- TASK STATEMENT:
Word for word, transcribe the data below from the line with "#175=ADVANCED_FACE('F684',(#174),#127,.T.);" to the line with "#193=LINE('',#192,#191);", keeping both of those lines.

───── RECORDS SUPPLIED

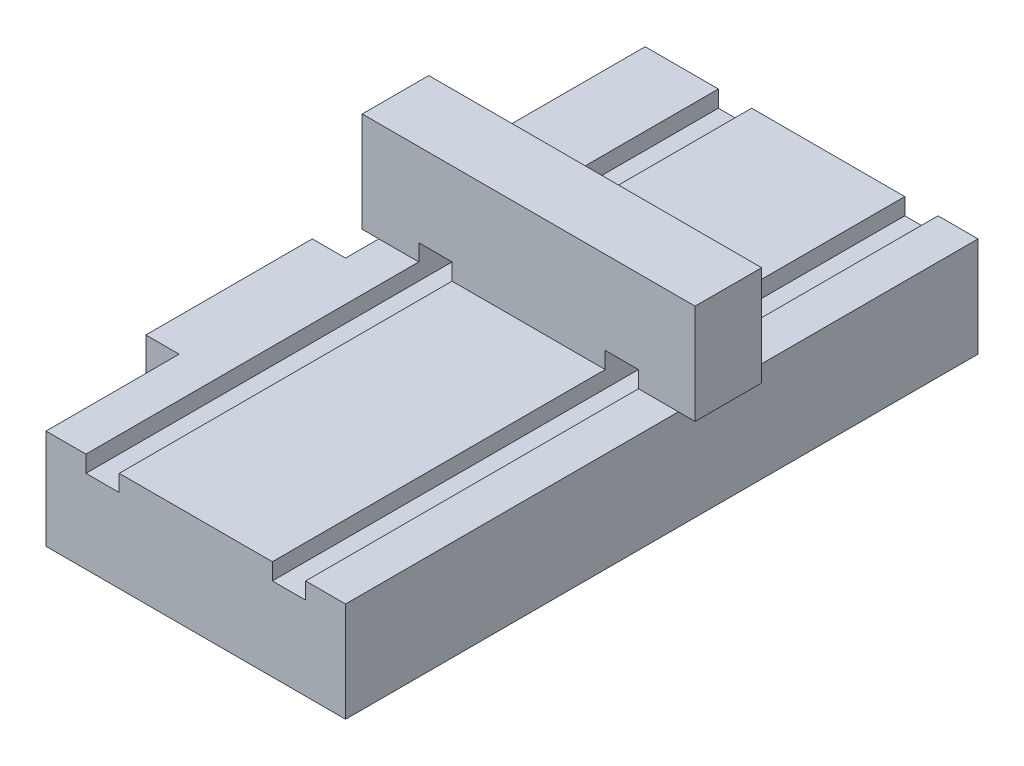
ISO-10303-21;
HEADER;
FILE_DESCRIPTION(('STEP AP214'),'2;1');
FILE_NAME('part.step','',(''),(''),'','','');
FILE_SCHEMA(('AUTOMOTIVE_DESIGN { 1 0 10303 214 1 1 1 1 }'));
ENDSEC;
DATA;
#1=APPLICATION_CONTEXT('core data for automotive mechanical design processes');
#2=APPLICATION_PROTOCOL_DEFINITION('international standard','automotive_design',2000,#1);
#3=PRODUCT_CONTEXT('',#1,'mechanical');
#4=PRODUCT('Part','Part','',(#3));
#5=PRODUCT_RELATED_PRODUCT_CATEGORY('part','',(#4));
#6=PRODUCT_DEFINITION_FORMATION('','',#4);
#7=PRODUCT_DEFINITION_CONTEXT('part definition',#1,'design');
#8=PRODUCT_DEFINITION('design','',#6,#7);
#9=PRODUCT_DEFINITION_SHAPE('','',#8);
#10=(LENGTH_UNIT() NAMED_UNIT(*) SI_UNIT(.MILLI.,.METRE.));
#11=(NAMED_UNIT(*) PLANE_ANGLE_UNIT() SI_UNIT($,.RADIAN.));
#12=(NAMED_UNIT(*) SI_UNIT($,.STERADIAN.) SOLID_ANGLE_UNIT());
#13=UNCERTAINTY_MEASURE_WITH_UNIT(LENGTH_MEASURE(1.E-05),#10,'distance_accuracy_value','');
#14=(GEOMETRIC_REPRESENTATION_CONTEXT(3) GLOBAL_UNCERTAINTY_ASSIGNED_CONTEXT((#13)) GLOBAL_UNIT_ASSIGNED_CONTEXT((#10,
#11,#12)) REPRESENTATION_CONTEXT('',''));
#15=CARTESIAN_POINT('',(0.,0.,0.));
#16=DIRECTION('',(0.,0.,1.));
#17=DIRECTION('',(1.,0.,0.));
#18=AXIS2_PLACEMENT_3D('',#15,#16,#17);
#19=CARTESIAN_POINT('',(100.,30.,0.));
#20=DIRECTION('',(-1.,0.,0.));
#21=DIRECTION('',(0.,0.,1.));
#22=AXIS2_PLACEMENT_3D('',#19,#20,#21);
#23=PLANE('',#22);
#24=DIRECTION('',(0.,0.,-1.));
#25=VECTOR('',#24,1.);
#26=CARTESIAN_POINT('',(100.,30.,-100.));
#27=LINE('',#26,#25);
#28=CARTESIAN_POINT('',(100.,30.,-100.));
#29=VERTEX_POINT('',#28);
#30=CARTESIAN_POINT('',(100.,30.,-120.));
#31=VERTEX_POINT('',#30);
#32=EDGE_CURVE('E71',#29,#31,#27,.T.);
#33=ORIENTED_EDGE('',*,*,#32,.F.);
#34=DIRECTION('',(0.,0.,-1.));
#35=VECTOR('',#34,1.);
#36=CARTESIAN_POINT('',(100.,30.,0.));
#37=LINE('',#36,#35);
#38=CARTESIAN_POINT('',(100.,30.,0.));
#39=VERTEX_POINT('',#38);
#40=EDGE_CURVE('E474',#39,#29,#37,.T.);
#41=ORIENTED_EDGE('',*,*,#40,.F.);
#42=DIRECTION('',(0.,-1.,0.));
#43=VECTOR('',#42,1.);
#44=CARTESIAN_POINT('',(100.,30.,0.));
#45=LINE('',#44,#43);
#46=CARTESIAN_POINT('',(100.,0.,0.));
#47=VERTEX_POINT('',#46);
#48=EDGE_CURVE('E568',#39,#47,#45,.T.);
#49=ORIENTED_EDGE('',*,*,#48,.T.);
#50=DIRECTION('',(0.,0.,-1.));
#51=VECTOR('',#50,1.);
#52=CARTESIAN_POINT('',(100.,0.,0.));
#53=LINE('',#52,#51);
#54=CARTESIAN_POINT('',(100.,0.,-190.));
#55=VERTEX_POINT('',#54);
#56=EDGE_CURVE('E514',#47,#55,#53,.T.);
#57=ORIENTED_EDGE('',*,*,#56,.T.);
#58=DIRECTION('',(0.,-1.,0.));
#59=VECTOR('',#58,1.);
#60=CARTESIAN_POINT('',(100.,30.,-190.));
#61=LINE('',#60,#59);
#62=CARTESIAN_POINT('',(100.,30.,-190.));
#63=VERTEX_POINT('',#62);
#64=EDGE_CURVE('E49',#63,#55,#61,.T.);
#65=ORIENTED_EDGE('',*,*,#64,.F.);
#66=EDGE_CURVE('E471',#31,#63,#37,.T.);
#67=ORIENTED_EDGE('',*,*,#66,.F.);
#68=EDGE_LOOP('',(#33,#41,#49,#57,#65,#67));
#69=FACE_BOUND('',#68,.T.);
#70=ADVANCED_FACE('F45',(#69),#23,.F.);
#71=CARTESIAN_POINT('',(10.,30.,-90.));
#72=DIRECTION('',(-1.,0.,0.));
#73=DIRECTION('',(0.,0.,1.));
#74=AXIS2_PLACEMENT_3D('',#71,#72,#73);
#75=PLANE('',#74);
#76=DIRECTION('',(0.,0.,-1.));
#77=VECTOR('',#76,1.);
#78=CARTESIAN_POINT('',(10.,30.,-90.));
#79=LINE('',#78,#77);
#80=CARTESIAN_POINT('',(10.,30.,-90.));
#81=VERTEX_POINT('',#80);
#82=CARTESIAN_POINT('',(10.,30.,-100.));
#83=VERTEX_POINT('',#82);
#84=EDGE_CURVE('E500',#81,#83,#79,.T.);
#85=ORIENTED_EDGE('',*,*,#84,.T.);
#86=DIRECTION('',(0.,0.,1.));
#87=VECTOR('',#86,1.);
#88=CARTESIAN_POINT('',(10.,30.,-120.));
#89=LINE('',#88,#87);
#90=CARTESIAN_POINT('',(10.,30.,-120.));
#91=VERTEX_POINT('',#90);
#92=EDGE_CURVE('E287',#91,#83,#89,.T.);
#93=ORIENTED_EDGE('',*,*,#92,.F.);
#94=CARTESIAN_POINT('',(10.,30.,-140.));
#95=VERTEX_POINT('',#94);
#96=EDGE_CURVE('E499',#91,#95,#79,.T.);
#97=ORIENTED_EDGE('',*,*,#96,.T.);
#98=DIRECTION('',(0.,-1.,0.));
#99=VECTOR('',#98,1.);
#100=CARTESIAN_POINT('',(10.,30.,-140.));
#101=LINE('',#100,#99);
#102=CARTESIAN_POINT('',(10.,0.,-140.));
#103=VERTEX_POINT('',#102);
#104=EDGE_CURVE('E551',#95,#103,#101,.T.);
#105=ORIENTED_EDGE('',*,*,#104,.T.);
#106=DIRECTION('',(0.,0.,-1.));
#107=VECTOR('',#106,1.);
#108=CARTESIAN_POINT('',(10.,0.,-90.));
#109=LINE('',#108,#107);
#110=CARTESIAN_POINT('',(10.,0.,-90.));
#111=VERTEX_POINT('',#110);
#112=EDGE_CURVE('E537',#111,#103,#109,.T.);
#113=ORIENTED_EDGE('',*,*,#112,.F.);
#114=DIRECTION('',(0.,-1.,0.));
#115=VECTOR('',#114,1.);
#116=CARTESIAN_POINT('',(10.,30.,-90.));
#117=LINE('',#116,#115);
#118=EDGE_CURVE('E554',#81,#111,#117,.T.);
#119=ORIENTED_EDGE('',*,*,#118,.F.);
#120=EDGE_LOOP('',(#85,#93,#97,#105,#113,#119));
#121=FACE_BOUND('',#120,.T.);
#122=ADVANCED_FACE('F645',(#121),#75,.T.);
#123=CARTESIAN_POINT('',(0.,30.,0.));
#124=DIRECTION('',(0.,1.,0.));
#125=DIRECTION('',(0.,0.,1.));
#126=AXIS2_PLACEMENT_3D('',#123,#124,#125);
#127=PLANE('',#126);
#128=DIRECTION('',(0.,0.,1.));
#129=VECTOR('',#128,1.);
#130=CARTESIAN_POINT('',(88.,30.,0.));
#131=LINE('',#130,#129);
#132=CARTESIAN_POINT('',(88.,30.,-190.));
#133=VERTEX_POINT('',#132);
#134=CARTESIAN_POINT('',(88.,30.,-120.));
#135=VERTEX_POINT('',#134);
#136=EDGE_CURVE('E406',#133,#135,#131,.T.);
#137=ORIENTED_EDGE('',*,*,#136,.T.);
#138=DIRECTION('',(-1.,0.,0.));
#139=VECTOR('',#138,1.);
#140=CARTESIAN_POINT('',(100.,30.,-120.));
#141=LINE('',#140,#139);
#142=EDGE_CURVE('E321',#31,#135,#141,.T.);
#143=ORIENTED_EDGE('',*,*,#142,.F.);
#144=ORIENTED_EDGE('',*,*,#66,.T.);
#145=DIRECTION('',(1.,0.,0.));
#146=VECTOR('',#145,1.);
#147=CARTESIAN_POINT('',(0.,30.,-190.));
#148=LINE('',#147,#146);
#149=EDGE_CURVE('E473',#133,#63,#148,.T.);
#150=ORIENTED_EDGE('',*,*,#149,.F.);
#151=EDGE_LOOP('',(#137,#143,#144,#150));
#152=FACE_BOUND('',#151,.T.);
#153=ADVANCED_FACE('F704',(#152),#127,.T.);
#154=ORIENTED_EDGE('',*,*,#40,.T.);
#155=DIRECTION('',(1.,0.,0.));
#156=VECTOR('',#155,1.);
#157=CARTESIAN_POINT('',(10.,30.,-100.));
#158=LINE('',#157,#156);
#159=CARTESIAN_POINT('',(88.,30.,-100.));
#160=VERTEX_POINT('',#159);
#161=EDGE_CURVE('E285',#160,#29,#158,.T.);
#162=ORIENTED_EDGE('',*,*,#161,.F.);
#163=CARTESIAN_POINT('',(88.,30.,0.));
#164=VERTEX_POINT('',#163);
#165=EDGE_CURVE('E379',#160,#164,#131,.T.);
#166=ORIENTED_EDGE('',*,*,#165,.T.);
#167=DIRECTION('',(1.,0.,0.));
#168=VECTOR('',#167,1.);
#169=CARTESIAN_POINT('',(10.,30.,0.));
#170=LINE('',#169,#168);
#171=EDGE_CURVE('E477',#164,#39,#170,.T.);
#172=ORIENTED_EDGE('',*,*,#171,.T.);
#173=EDGE_LOOP('',(#154,#162,#166,#172));
#174=FACE_BOUND('',#173,.T.);
#175=ADVANCED_FACE('F684',(#174),#127,.T.);
#176=DIRECTION('',(0.,0.,1.));
#177=VECTOR('',#176,1.);
#178=CARTESIAN_POINT('',(32.,30.,0.));
#179=LINE('',#178,#177);
#180=CARTESIAN_POINT('',(32.,30.,-190.));
#181=VERTEX_POINT('',#180);
#182=CARTESIAN_POINT('',(32.,30.,-120.));
#183=VERTEX_POINT('',#182);
#184=EDGE_CURVE('E444',#181,#183,#179,.T.);
#185=ORIENTED_EDGE('',*,*,#184,.T.);
#186=CARTESIAN_POINT('',(78.,30.,-120.));
#187=VERTEX_POINT('',#186);
#188=EDGE_CURVE('E388',#187,#183,#141,.T.);
#189=ORIENTED_EDGE('',*,*,#188,.F.);
#190=DIRECTION('',(0.,0.,1.));
#191=VECTOR('',#190,1.);
#192=CARTESIAN_POINT('',(78.,30.,0.));
#193=LINE('',#192,#191);
#194=CARTESIAN_POINT('',(78.,30.,-190.));
#195=VERTEX_POINT('',#194);
#196=EDGE_CURVE('E393',#195,#187,#193,.T.);
#197=ORIENTED_EDGE('',*,*,#196,.F.);
#198=EDGE_CURVE('E472',#181,#195,#148,.T.);
#199=ORIENTED_EDGE('',*,*,#198,.F.);
#200=EDGE_LOOP('',(#185,#189,#197,#199));
#201=FACE_BOUND('',#200,.T.);
#202=ADVANCED_FACE('F613',(#201),#127,.T.);
#203=CARTESIAN_POINT('',(78.,30.,-100.));
#204=VERTEX_POINT('',#203);
#205=CARTESIAN_POINT('',(78.,30.,0.));
#206=VERTEX_POINT('',#205);
#207=EDGE_CURVE('E409',#204,#206,#193,.T.);
#208=ORIENTED_EDGE('',*,*,#207,.F.);
#209=CARTESIAN_POINT('',(32.,30.,-100.));
#210=VERTEX_POINT('',#209);
#211=EDGE_CURVE('E383',#210,#204,#158,.T.);
#212=ORIENTED_EDGE('',*,*,#211,.F.);
#213=CARTESIAN_POINT('',(32.,30.,0.));
#214=VERTEX_POINT('',#213);
#215=EDGE_CURVE('E417',#210,#214,#179,.T.);
#216=ORIENTED_EDGE('',*,*,#215,.T.);
#217=EDGE_CURVE('E483',#214,#206,#170,.T.);
#218=ORIENTED_EDGE('',*,*,#217,.T.);
#219=EDGE_LOOP('',(#208,#212,#216,#218));
#220=FACE_BOUND('',#219,.T.);
#221=ADVANCED_FACE('F672',(#220),#127,.T.);
#222=ORIENTED_EDGE('',*,*,#96,.F.);
#223=CARTESIAN_POINT('',(22.,30.,-120.));
#224=VERTEX_POINT('',#223);
#225=EDGE_CURVE('E384',#224,#91,#141,.T.);
#226=ORIENTED_EDGE('',*,*,#225,.F.);
#227=DIRECTION('',(0.,0.,-1.));
#228=VECTOR('',#227,1.);
#229=CARTESIAN_POINT('',(22.,30.,0.));
#230=LINE('',#229,#228);
#231=CARTESIAN_POINT('',(22.,30.,-190.));
#232=VERTEX_POINT('',#231);
#233=EDGE_CURVE('E448',#224,#232,#230,.T.);
#234=ORIENTED_EDGE('',*,*,#233,.T.);
#235=CARTESIAN_POINT('',(0.,30.,-190.));
#236=VERTEX_POINT('',#235);
#237=EDGE_CURVE('E467',#236,#232,#148,.T.);
#238=ORIENTED_EDGE('',*,*,#237,.F.);
#239=DIRECTION('',(0.,0.,1.));
#240=VECTOR('',#239,1.);
#241=CARTESIAN_POINT('',(0.,30.,-190.));
#242=LINE('',#241,#240);
#243=CARTESIAN_POINT('',(0.,30.,-140.));
#244=VERTEX_POINT('',#243);
#245=EDGE_CURVE('E508',#236,#244,#242,.T.);
#246=ORIENTED_EDGE('',*,*,#245,.T.);
#247=DIRECTION('',(-1.,0.,0.));
#248=VECTOR('',#247,1.);
#249=CARTESIAN_POINT('',(10.,30.,-140.));
#250=LINE('',#249,#248);
#251=EDGE_CURVE('E504',#95,#244,#250,.T.);
#252=ORIENTED_EDGE('',*,*,#251,.F.);
#253=EDGE_LOOP('',(#222,#226,#234,#238,#246,#252));
#254=FACE_BOUND('',#253,.T.);
#255=ADVANCED_FACE('F594',(#254),#127,.T.);
#256=CARTESIAN_POINT('',(22.,30.,0.));
#257=VERTEX_POINT('',#256);
#258=CARTESIAN_POINT('',(22.,30.,-100.));
#259=VERTEX_POINT('',#258);
#260=EDGE_CURVE('E432',#257,#259,#230,.T.);
#261=ORIENTED_EDGE('',*,*,#260,.T.);
#262=EDGE_CURVE('E380',#83,#259,#158,.T.);
#263=ORIENTED_EDGE('',*,*,#262,.F.);
#264=ORIENTED_EDGE('',*,*,#84,.F.);
#265=DIRECTION('',(1.,0.,0.));
#266=VECTOR('',#265,1.);
#267=CARTESIAN_POINT('',(0.,30.,-90.));
#268=LINE('',#267,#266);
#269=CARTESIAN_POINT('',(0.,30.,-90.));
#270=VERTEX_POINT('',#269);
#271=EDGE_CURVE('E495',#270,#81,#268,.T.);
#272=ORIENTED_EDGE('',*,*,#271,.F.);
#273=DIRECTION('',(0.,0.,-1.));
#274=VECTOR('',#273,1.);
#275=CARTESIAN_POINT('',(0.,30.,-40.));
#276=LINE('',#275,#274);
#277=CARTESIAN_POINT('',(0.,30.,-40.));
#278=VERTEX_POINT('',#277);
#279=EDGE_CURVE('E491',#278,#270,#276,.T.);
#280=ORIENTED_EDGE('',*,*,#279,.F.);
#281=DIRECTION('',(-1.,0.,0.));
#282=VECTOR('',#281,1.);
#283=CARTESIAN_POINT('',(10.,30.,-40.));
#284=LINE('',#283,#282);
#285=CARTESIAN_POINT('',(10.,30.,-40.));
#286=VERTEX_POINT('',#285);
#287=EDGE_CURVE('E487',#286,#278,#284,.T.);
#288=ORIENTED_EDGE('',*,*,#287,.F.);
#289=DIRECTION('',(0.,0.,-1.));
#290=VECTOR('',#289,1.);
#291=CARTESIAN_POINT('',(10.,30.,0.));
#292=LINE('',#291,#290);
#293=CARTESIAN_POINT('',(10.,30.,0.));
#294=VERTEX_POINT('',#293);
#295=EDGE_CURVE('E482',#294,#286,#292,.T.);
#296=ORIENTED_EDGE('',*,*,#295,.F.);
#297=EDGE_CURVE('E478',#294,#257,#170,.T.);
#298=ORIENTED_EDGE('',*,*,#297,.T.);
#299=EDGE_LOOP('',(#261,#263,#264,#272,#280,#288,#296,#298));
#300=FACE_BOUND('',#299,.T.);
#301=ADVANCED_FACE('F641',(#300),#127,.T.);
#302=CARTESIAN_POINT('',(0.,30.,-190.));
#303=DIRECTION('',(0.,0.,-1.));
#304=DIRECTION('',(-1.,0.,0.));
#305=AXIS2_PLACEMENT_3D('',#302,#303,#304);
#306=PLANE('',#305);
#307=DIRECTION('',(-1.,0.,0.));
#308=VECTOR('',#307,1.);
#309=CARTESIAN_POINT('',(0.,25.,-190.));
#310=LINE('',#309,#308);
#311=CARTESIAN_POINT('',(88.,25.,-190.));
#312=VERTEX_POINT('',#311);
#313=CARTESIAN_POINT('',(78.,25.,-190.));
#314=VERTEX_POINT('',#313);
#315=EDGE_CURVE('E392',#312,#314,#310,.T.);
#316=ORIENTED_EDGE('',*,*,#315,.F.);
#317=DIRECTION('',(0.,1.,0.));
#318=VECTOR('',#317,1.);
#319=CARTESIAN_POINT('',(88.,25.,-190.));
#320=LINE('',#319,#318);
#321=EDGE_CURVE('E405',#312,#133,#320,.T.);
#322=ORIENTED_EDGE('',*,*,#321,.T.);
#323=ORIENTED_EDGE('',*,*,#149,.T.);
#324=ORIENTED_EDGE('',*,*,#64,.T.);
#325=DIRECTION('',(1.,0.,0.));
#326=VECTOR('',#325,1.);
#327=CARTESIAN_POINT('',(0.,0.,-190.));
#328=LINE('',#327,#326);
#329=CARTESIAN_POINT('',(0.,0.,-190.));
#330=VERTEX_POINT('',#329);
#331=EDGE_CURVE('E455',#330,#55,#328,.T.);
#332=ORIENTED_EDGE('',*,*,#331,.F.);
#333=DIRECTION('',(0.,-1.,0.));
#334=VECTOR('',#333,1.);
#335=CARTESIAN_POINT('',(0.,30.,-190.));
#336=LINE('',#335,#334);
#337=EDGE_CURVE('E11',#236,#330,#336,.T.);
#338=ORIENTED_EDGE('',*,*,#337,.F.);
#339=ORIENTED_EDGE('',*,*,#237,.T.);
#340=DIRECTION('',(0.,1.,0.));
#341=VECTOR('',#340,1.);
#342=CARTESIAN_POINT('',(22.,25.,-190.));
#343=LINE('',#342,#341);
#344=CARTESIAN_POINT('',(22.,25.,-190.));
#345=VERTEX_POINT('',#344);
#346=EDGE_CURVE('E460',#345,#232,#343,.T.);
#347=ORIENTED_EDGE('',*,*,#346,.F.);
#348=DIRECTION('',(-1.,0.,0.));
#349=VECTOR('',#348,1.);
#350=CARTESIAN_POINT('',(0.,25.,-190.));
#351=LINE('',#350,#349);
#352=CARTESIAN_POINT('',(32.,25.,-190.));
#353=VERTEX_POINT('',#352);
#354=EDGE_CURVE('E431',#353,#345,#351,.T.);
#355=ORIENTED_EDGE('',*,*,#354,.F.);
#356=DIRECTION('',(0.,1.,0.));
#357=VECTOR('',#356,1.);
#358=CARTESIAN_POINT('',(32.,25.,-190.));
#359=LINE('',#358,#357);
#360=EDGE_CURVE('E443',#353,#181,#359,.T.);
#361=ORIENTED_EDGE('',*,*,#360,.T.);
#362=ORIENTED_EDGE('',*,*,#198,.T.);
#363=DIRECTION('',(0.,1.,0.));
#364=VECTOR('',#363,1.);
#365=CARTESIAN_POINT('',(78.,25.,-190.));
#366=LINE('',#365,#364);
#367=EDGE_CURVE('E422',#314,#195,#366,.T.);
#368=ORIENTED_EDGE('',*,*,#367,.F.);
#369=EDGE_LOOP('',(#316,#322,#323,#324,#332,#338,#339,#347,#355,#361,#362,#368));
#370=FACE_BOUND('',#369,.T.);
#371=ADVANCED_FACE('F47',(#370),#306,.T.);
#372=CARTESIAN_POINT('',(10.,30.,0.));
#373=DIRECTION('',(0.,0.,-1.));
#374=DIRECTION('',(-1.,0.,0.));
#375=AXIS2_PLACEMENT_3D('',#372,#373,#374);
#376=PLANE('',#375);
#377=DIRECTION('',(0.,1.,0.));
#378=VECTOR('',#377,1.);
#379=CARTESIAN_POINT('',(88.,25.,0.));
#380=LINE('',#379,#378);
#381=CARTESIAN_POINT('',(88.,25.,0.));
#382=VERTEX_POINT('',#381);
#383=EDGE_CURVE('E413',#382,#164,#380,.T.);
#384=ORIENTED_EDGE('',*,*,#383,.F.);
#385=DIRECTION('',(1.,0.,0.));
#386=VECTOR('',#385,1.);
#387=CARTESIAN_POINT('',(0.,25.,0.));
#388=LINE('',#387,#386);
#389=CARTESIAN_POINT('',(78.,25.,0.));
#390=VERTEX_POINT('',#389);
#391=EDGE_CURVE('E401',#390,#382,#388,.T.);
#392=ORIENTED_EDGE('',*,*,#391,.F.);
#393=DIRECTION('',(0.,1.,0.));
#394=VECTOR('',#393,1.);
#395=CARTESIAN_POINT('',(78.,25.,0.));
#396=LINE('',#395,#394);
#397=EDGE_CURVE('E418',#390,#206,#396,.T.);
#398=ORIENTED_EDGE('',*,*,#397,.T.);
#399=ORIENTED_EDGE('',*,*,#217,.F.);
#400=DIRECTION('',(0.,1.,0.));
#401=VECTOR('',#400,1.);
#402=CARTESIAN_POINT('',(32.,25.,0.));
#403=LINE('',#402,#401);
#404=CARTESIAN_POINT('',(32.,25.,0.));
#405=VERTEX_POINT('',#404);
#406=EDGE_CURVE('E451',#405,#214,#403,.T.);
#407=ORIENTED_EDGE('',*,*,#406,.F.);
#408=DIRECTION('',(1.,0.,0.));
#409=VECTOR('',#408,1.);
#410=CARTESIAN_POINT('',(0.,25.,0.));
#411=LINE('',#410,#409);
#412=CARTESIAN_POINT('',(22.,25.,0.));
#413=VERTEX_POINT('',#412);
#414=EDGE_CURVE('E439',#413,#405,#411,.T.);
#415=ORIENTED_EDGE('',*,*,#414,.F.);
#416=DIRECTION('',(0.,1.,0.));
#417=VECTOR('',#416,1.);
#418=CARTESIAN_POINT('',(22.,25.,0.));
#419=LINE('',#418,#417);
#420=EDGE_CURVE('E456',#413,#257,#419,.T.);
#421=ORIENTED_EDGE('',*,*,#420,.T.);
#422=ORIENTED_EDGE('',*,*,#297,.F.);
#423=DIRECTION('',(0.,-1.,0.));
#424=VECTOR('',#423,1.);
#425=CARTESIAN_POINT('',(10.,30.,0.));
#426=LINE('',#425,#424);
#427=CARTESIAN_POINT('',(10.,0.,0.));
#428=VERTEX_POINT('',#427);
#429=EDGE_CURVE('E566',#294,#428,#426,.T.);
#430=ORIENTED_EDGE('',*,*,#429,.T.);
#431=DIRECTION('',(1.,0.,0.));
#432=VECTOR('',#431,1.);
#433=CARTESIAN_POINT('',(10.,0.,0.));
#434=LINE('',#433,#432);
#435=EDGE_CURVE('E518',#428,#47,#434,.T.);
#436=ORIENTED_EDGE('',*,*,#435,.T.);
#437=ORIENTED_EDGE('',*,*,#48,.F.);
#438=ORIENTED_EDGE('',*,*,#171,.F.);
#439=EDGE_LOOP('',(#384,#392,#398,#399,#407,#415,#421,#422,#430,#436,#437,#438));
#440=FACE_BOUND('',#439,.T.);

──────────

- YOUR RESPONSE:
#175=ADVANCED_FACE('F684',(#174),#127,.T.);
#176=DIRECTION('',(0.,0.,1.));
#177=VECTOR('',#176,1.);
#178=CARTESIAN_POINT('',(32.,30.,0.));
#179=LINE('',#178,#177);
#180=CARTESIAN_POINT('',(32.,30.,-190.));
#181=VERTEX_POINT('',#180);
#182=CARTESIAN_POINT('',(32.,30.,-120.));
#183=VERTEX_POINT('',#182);
#184=EDGE_CURVE('E444',#181,#183,#179,.T.);
#185=ORIENTED_EDGE('',*,*,#184,.T.);
#186=CARTESIAN_POINT('',(78.,30.,-120.));
#187=VERTEX_POINT('',#186);
#188=EDGE_CURVE('E388',#187,#183,#141,.T.);
#189=ORIENTED_EDGE('',*,*,#188,.F.);
#190=DIRECTION('',(0.,0.,1.));
#191=VECTOR('',#190,1.);
#192=CARTESIAN_POINT('',(78.,30.,0.));
#193=LINE('',#192,#191);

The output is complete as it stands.